Foods that have more color often contain more nutrients and antioxidants, which have many health benefits. The more color you have on your plate the more variety you are getting into your diet. The American Dietetic Association wants us to "Eat Right by Color" this year for National Nutrition Month. Here are some tips:Red foods like apples and berries can provide pectin, a form of fiber, and phenols. Both are great for your heart. Tomatoes have lycopene, which has been shown to help with certain cancers and heart disease. Canned tomatoes actually can have more lycopene than their fresh counterparts.

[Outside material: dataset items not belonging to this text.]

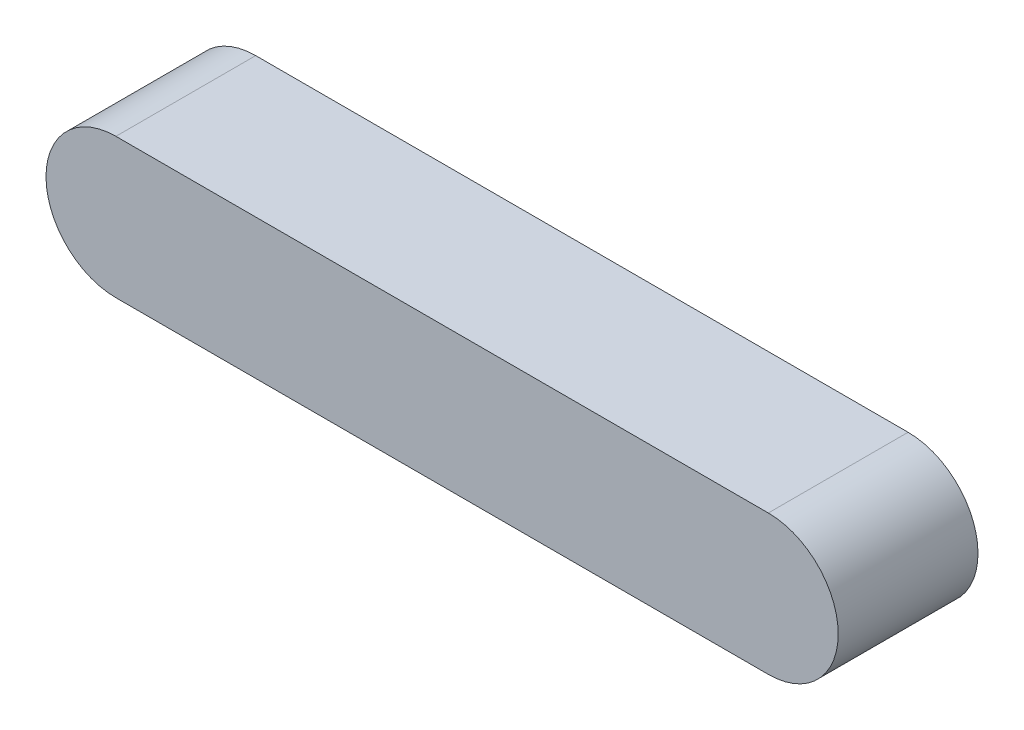
from build123d import *

# Parameters (mm, degrees)
EXTRUDE_1_DEPTH = 15


with BuildPart() as part:
    # 草图1 → 凸台-拉伸1 (new body)
    with BuildSketch(Plane.XY):
        with BuildLine():
            Line((0, 0), (70, 0))
            ThreePointArc((70, 0), (77.5, 7.5), (70, 15))
            Line((70, 15), (0, 15))
            ThreePointArc((0, 15), (-7.5, 7.5), (0, 0))
        make_face()
    extrude(amount=EXTRUDE_1_DEPTH)


solid = part.part
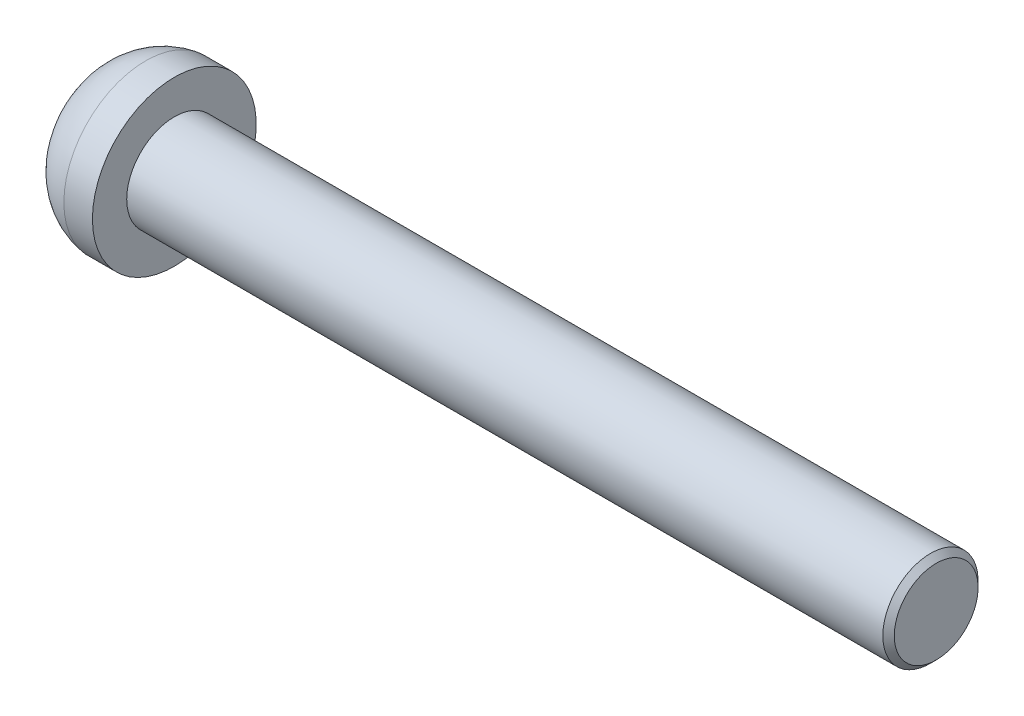
from build123d import *

# Parameters (mm, degrees)
CHAMFER1_SIZE      = 0.3
CUT_EXTRUDE1_DEPTH = 2


with BuildPart() as part:
    # Sketch1 → Revolve1 (revolve)
    with BuildSketch(Plane.XY):
        with BuildLine():
            Line((0, 0), (44, 0))
            Line((44, 0), (44, 2.5))
            Line((44, 2.5), (4, 2.5))
            Line((4, 2.5), (4, 4.3))
            Line((4, 4.3), (2.5, 4.3))
            ThreePointArc((2.5, 4.3), (1.027835828, 3.70856135), (0, 2.5))
            Line((0, 2.5), (0, 0))
        make_face()
    revolve(axis=Axis((0, 0, 0), (1, 0, 0)))

    # Chamfer1
    chamfer1_edges = [part.edges().sort_by_distance(p)[0] for p in [
        (44, -2.5, 0),
    ]]
    chamfer(chamfer1_edges, length=CHAMFER1_SIZE)

    # Sketch2 → Cut-Extrude1 (cut)
    with BuildSketch(Plane.ZY):
        Polygon((0, 2.309401077), (-2, 1.154700538), (-2, -1.154700538), (0, -2.309401077), (2, -1.154700538), (2, 1.154700538), align=None)
    extrude(amount=-CUT_EXTRUDE1_DEPTH, mode=Mode.SUBTRACT)


solid = part.part
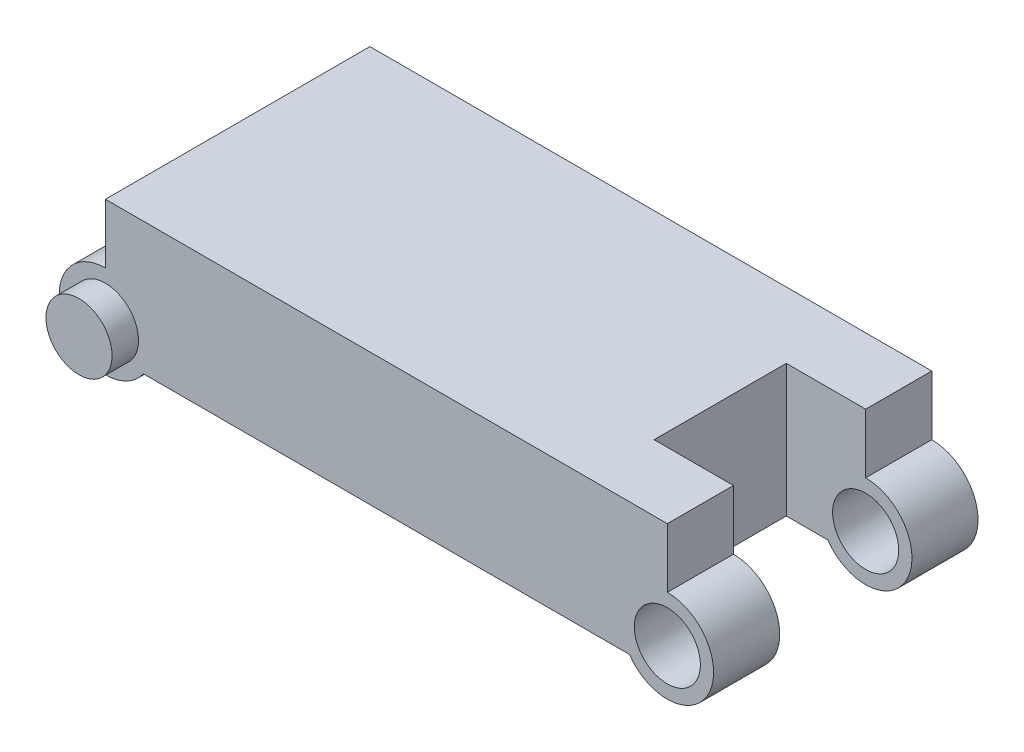
from build123d import *

# Parameters (mm, degrees)
SKETCH1_R                = 25
BOSS_EXTRUDE1_DEPTH      = 200
SKETCH2_R                = 25
BOSS_EXTRUDE2_DEPTH      = 20
BOSS_EXTRUDE2_DEPTH_BACK = 220
CUT_EXTRUDE1_START       = -50
SKETCH3_W                = 128.293241695
SKETCH3_H                = 120
CUT_EXTRUDE1_DEPTH       = 100


with BuildPart() as part:
    # Sketch1 → Boss-Extrude1 (new body)
    with BuildSketch(Plane.XY):
        with BuildLine():
            Line((28.722813233, -20), (396.277186767, -20))
            ThreePointArc((396.277186767, -20), (456.024184115, -16.201851746), (425, 35))
            Line((425, 35), (425, 80))
            Line((425, 80), (0, 80))
            Line((0, 80), (0, 35))
            ThreePointArc((0, 35), (-31.024184115, -16.201851746), (28.722813233, -20))
        make_face()
        with Locations((425, 0)):
            Circle(SKETCH1_R, mode=Mode.SUBTRACT)
    extrude(amount=BOSS_EXTRUDE1_DEPTH)

    # Sketch2 → Boss-Extrude2 (add, two sides)
    with BuildSketch(Plane.XY.offset(200)) as boss_extrude2_sk:
        Circle(SKETCH2_R)
    extrude(amount=BOSS_EXTRUDE2_DEPTH)
    extrude(boss_extrude2_sk.sketch, amount=-BOSS_EXTRUDE2_DEPTH_BACK)

    # Sketch3 → Cut-Extrude1 (cut)
    with BuildSketch(Plane.XY.offset(200).offset(CUT_EXTRUDE1_START)):
        with Locations((429.146620848, 20)):
            Rectangle(SKETCH3_W, SKETCH3_H)
    extrude(amount=-CUT_EXTRUDE1_DEPTH, mode=Mode.SUBTRACT)


solid = part.part
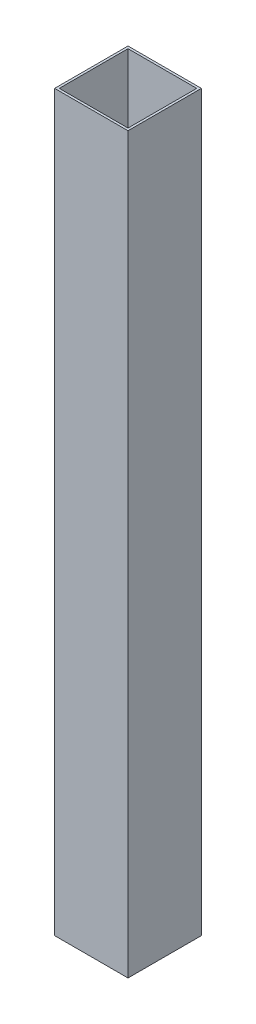
from build123d import *

# Parameters (mm, degrees)
SKETCH1_W           = 50.8
SKETCH1_H           = 50.8
SKETCH1_W_2         = 47.5996
SKETCH1_H_2         = 47.5996
BOSS_EXTRUDE1_DEPTH = 508


with BuildPart() as part:
    # Sketch1 → Boss-Extrude1 (new body)
    with BuildSketch(Plane(origin=(0, 0, 0), x_dir=(1, 0, 0), z_dir=(0, 1, 0))):
        with Locations((25.4, 25.4)):
            Rectangle(SKETCH1_W, SKETCH1_H)
        with Locations((25.4, 25.4)):
            Rectangle(SKETCH1_W_2, SKETCH1_H_2, mode=Mode.SUBTRACT)
    extrude(amount=BOSS_EXTRUDE1_DEPTH)


solid = part.part

Orange carrots and sweet potatoes have beta carotene, which helps eyesight. You can also get more orange color from salmon, which is a great source of omega 3 fatty acids that help the heart and mind. Try having fish like salmon twice a week.

Dark green leafy vegetables like spinach are chock full of nutrients and antioxidants. Sneak spinach into turkey wraps instead of iceberg lettuce or mix spinach into pastas and casseroles to provide more nutrition. Have a salad every night with dinner.

Blueberries, grapes, and purple cabbage all provide phenols that can provide anti-aging benefits. Try topping your next salad with beets and feta cheese. Add blueberries to your yogurt or cereal in the morning.

Tan whole grains like brown rice, quinoa and whole-wheat pastas provide plant stanols, fiber and magnesium that are good for your heart and provide satiety. Use them more often than white grains to add color and nutrition.